- WORK ORDER
Below are the entries; return every line among them that holds the word "Rectangle".

- MATERIAL PROVIDED
* * *

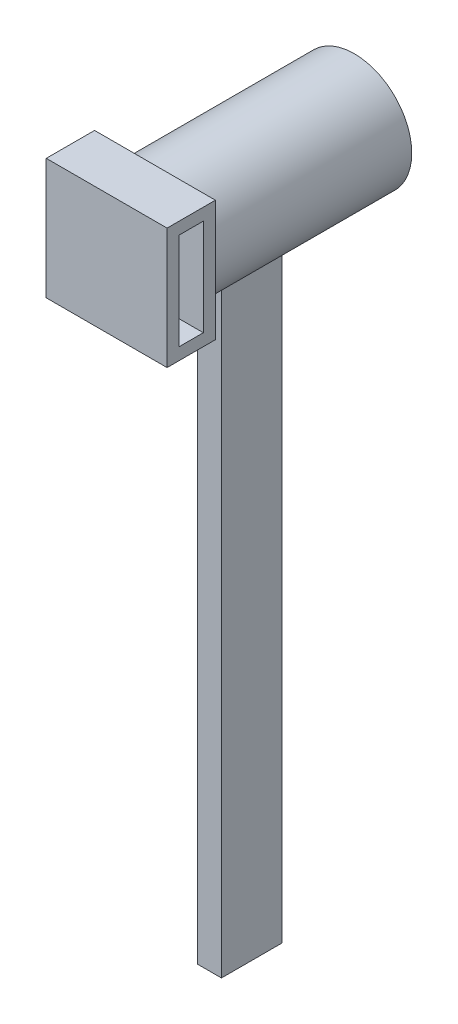
from build123d import *

# Parameters (mm, degrees)
SKETCH2_R               = 4.75
SKETCH3_R               = 4.75
SKETCH4_W               = 2
SKETCH4_H               = 5
BOSS_EXTRUDE1_DEPTH     = 55
SKETCH3_7_W             = 10
SKETCH3_7_H             = 10
BOSS_EXTRUDE4_DEPTH     = 4
CUT_EXTRUDE2_DEPTH      = 60.542001982
CUT_EXTRUDE2_DEPTH_BACK = 60.542001982
SKETCH8_W               = 2
SKETCH8_H               = 8


with BuildPart() as part:
    # Sketch2 → Loft1 section 0
    with BuildSketch(Plane.XY):
        Circle(SKETCH2_R)
    # Sketch3 → Loft1 section 1
    with BuildSketch(Plane.XY.offset(16.5)):
        Circle(SKETCH3_R)
    loft()

    # Sketch4 → Boss-Extrude1 (add)
    with BuildSketch(Plane(origin=(0, 0, 0), x_dir=(1, 0, 0), z_dir=(0, 1, 0))):
        with Locations((0, -9.5)):
            Rectangle(SKETCH4_W, SKETCH4_H)
    extrude(amount=-BOSS_EXTRUDE1_DEPTH)

    # Sketch3_7 → Boss-Extrude4 (add)
    with BuildSketch(Plane.XY.offset(16.5)):
        Rectangle(SKETCH3_7_W, SKETCH3_7_H)
    extrude(amount=BOSS_EXTRUDE4_DEPTH)

    # Sketch8 → Cut-Extrude2 (cut, two sides: drawn at the far end of the back side and taken through both)
    with BuildSketch(Plane(origin=(5, 0, 0), x_dir=(0, 0, -1), z_dir=(1, 0, 0)).offset(-CUT_EXTRUDE2_DEPTH_BACK)):
        with Locations((-18.5, 0)):
            Rectangle(SKETCH8_W, SKETCH8_H)
    extrude(amount=CUT_EXTRUDE2_DEPTH + CUT_EXTRUDE2_DEPTH_BACK, mode=Mode.SUBTRACT)


solid = part.part
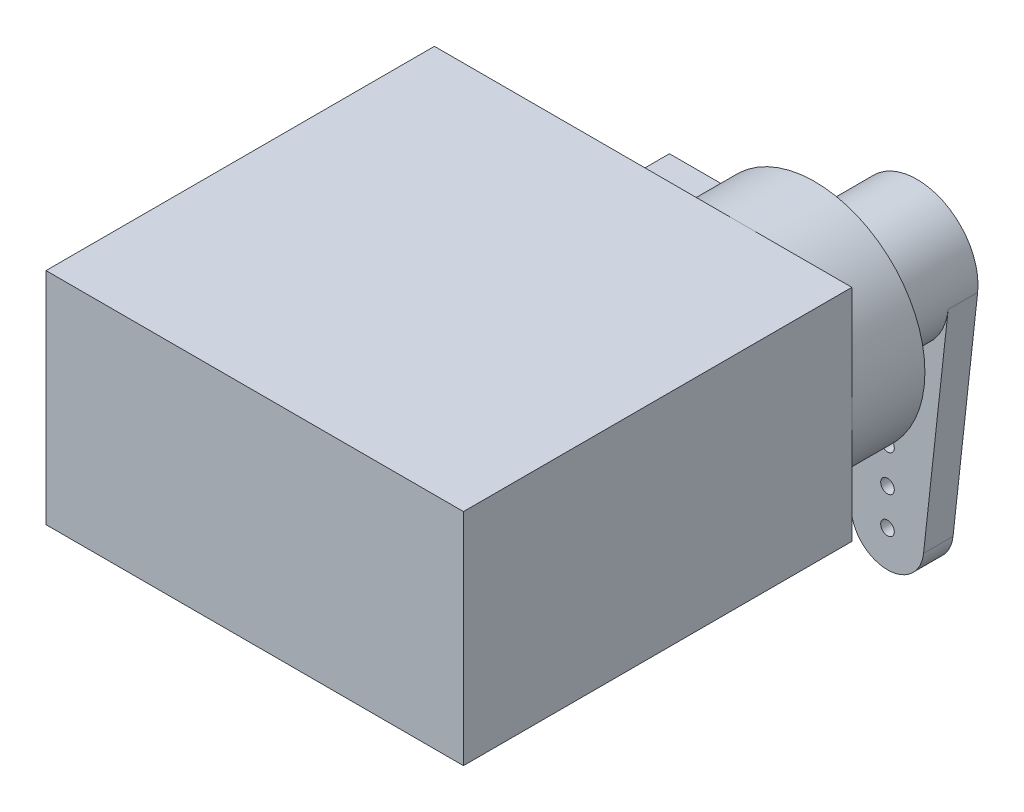
from build123d import *

# Parameters (mm, degrees)
SKETCH1_W           = 23.368
SKETCH1_H           = 21.7424
BOSS_EXTRUDE1_DEPTH = 12.319
BOSS_EXTRUDE2_DEPTH = 4.0894
SKETCH3_R           = 3.4163
BOSS_EXTRUDE3_DEPTH = 4.064
BOSS_EXTRUDE4_DEPTH = 1.651
CUT_EXTRUDE1_START  = -1.651
SKETCH5_R           = 0.381
CUT_EXTRUDE1_DEPTH  = 1.651


with BuildPart() as part:
    # Sketch1 → Boss-Extrude1 (new body)
    with BuildSketch(Plane(origin=(0, 0, 0), x_dir=(1, 0, 0), z_dir=(0, 1, 0))):
        Rectangle(SKETCH1_W, SKETCH1_H)
    extrude(amount=BOSS_EXTRUDE1_DEPTH)

    # Sketch2 → Boss-Extrude2 (add)
    with BuildSketch(Plane(origin=(0, 0, -10.8712), x_dir=(-1, 0, 0), z_dir=(0, 0, -1))):
        with BuildLine():
            Line((-0.416257508, 2.7178), (2.6162, 2.7178))
            Line((2.6162, 2.7178), (2.6162, 9.6012))
            Line((2.6162, 9.6012), (-0.416257508, 9.6012))
            ThreePointArc((-0.416257508, 9.6012), (-11.684, 6.1595), (-0.416257508, 2.7178))
        make_face()
    extrude(amount=BOSS_EXTRUDE2_DEPTH)

    # Sketch3 → Boss-Extrude3 (add)
    with BuildSketch(Plane(origin=(0, 0, -14.9606), x_dir=(-1, 0, 0), z_dir=(0, 0, -1))):
        with Locations((-5.5245, 6.1595)):
            Circle(SKETCH3_R)
    extrude(amount=BOSS_EXTRUDE3_DEPTH)

    # Sketch4 → Boss-Extrude4 (add)
    with BuildSketch(Plane(origin=(0, 0, -19.0246), x_dir=(-1, 0, 0), z_dir=(0, 0, -1))):
        with BuildLine():
            Line((-8.920321777, 5.786002808), (-7.544319644, -6.724554463))
            ThreePointArc((-7.544319644, -6.724554463), (-5.5245, -8.5344), (-3.504680356, -6.724554463))
            Line((-3.504680356, -6.724554463), (-2.128678223, 5.786002808))
            ThreePointArc((-2.128678223, 5.786002808), (-5.5245, 9.5758), (-8.920321777, 5.786002808))
        make_face()
    extrude(amount=BOSS_EXTRUDE4_DEPTH)

    # Sketch5 → Cut-Extrude1 (cut)
    with BuildSketch(Plane(origin=(0, 0, -20.6756), x_dir=(-1, 0, 0), z_dir=(0, 0, -1)).offset(CUT_EXTRUDE1_START)):
        with Locations((-5.5245, -6.5024)):
            Circle(SKETCH5_R)
        with Locations((-5.5245, -4.4704)):
            Circle(SKETCH5_R)
        with Locations((-5.5245, -2.4384)):
            Circle(SKETCH5_R)
        with Locations((-5.5245, -0.4064)):
            Circle(SKETCH5_R)
        with Locations((-5.5245, 1.6256)):
            Circle(SKETCH5_R)
    extrude(amount=CUT_EXTRUDE1_DEPTH, mode=Mode.SUBTRACT)


solid = part.part

* * *

- WRITTEN RESPONSE
            Rectangle(SKETCH4_W, SKETCH4_H)
        Rectangle(SKETCH3_7_W, SKETCH3_7_H)
            Rectangle(SKETCH8_W, SKETCH8_H)
        Rectangle(SKETCH1_W, SKETCH1_H)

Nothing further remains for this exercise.